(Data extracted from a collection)
++++++

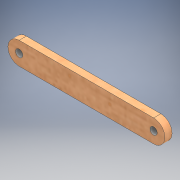
# Autodesk Inventor part: portabateria
Saved by Autodesk Inventor 2018 (Build 220112000, 112)
## iProperties
Created: 2017-05-11
Part Number: portabateria
Material: Generic
Document SubType Name: Modeling
Designer: Vidal Villegas
Density: 1 g/cm^3
Appearance: Default
Author: Vidal Villegas
Autodesk Inventor part; units mm, degrees
ref_plane "YZ Plane" through (0, 0, 0) normal (1, 0, 0) x (0, 1, 0)
ref_plane "XZ Plane" through (0, 0, 0) normal (0, 1, 0) x (-1, 0, 0)
ref_plane "XY Plane" through (0, 0, 0) normal (0, 0, 1) x (1, 0, 0)
sketch "Sketch1" plane through (0, 0, 0) normal (0, 1, 0) x (-1, 0, 0)
  circle A0 centre (55.9159, 0.1374) radius 1.6
  circle A1 centre (-3.8401, 0.1374) radius 1.6
  line L0 (55.9159, 5.1374) -> (-3.8401, 5.1374)
  line L1 (-3.8401, -4.8626) -> (55.9159, -4.8626)
  arc A2 (55.9159, -4.8626) -> (55.9159, 5.1374) centre (55.9159, 0.1374) ccw
  arc A3 (-3.8401, 5.1374) -> (-3.8401, -4.8626) centre (-3.8401, 0.1374) ccw
  point P0 (0, 0)
  dimension "d0" = 3.2
  dimension "d1" = 3.2
  dimension "d2" = 59.756
  dimension "d3" = 5
  dimension "d4" = 5
  constraints: 4 centre point, 4 end point, 4 point on circle, 2 equal radius, 1 horizontal, 1 parallel, 1 tangent
  measures "d0" diameter of A0
  measures "d1" diameter of A1
  measures "d2" distance of A1.centre A0.centre
  measures "d3" distance of L1.start A1.centre
  measures "d4" distance of L0.end A1.centre
extrude "Extrusion1" add sketch "Sketch1" along normal blind 3.2
equation "\"d4\" = d3"
body "Solid1"

++++++

**PROBLEM TO SOLVE:** What you give back should be exactly the lines of the data above from the line with "## iProperties" through the line with "0) x (0, 1, 0)", both of those included, and nothing more.

**PROBLEM SOLUTION:**
## iProperties
Created: 2017-05-11
Part Number: portabateria
Material: Generic
Document SubType Name: Modeling
Designer: Vidal Villegas
Density: 1 g/cm^3
Appearance: Default
Author: Vidal Villegas
Autodesk Inventor part; units mm, degrees
ref_plane "YZ Plane" through (0, 0, 0) normal (1, 0, 0) x (0, 1, 0)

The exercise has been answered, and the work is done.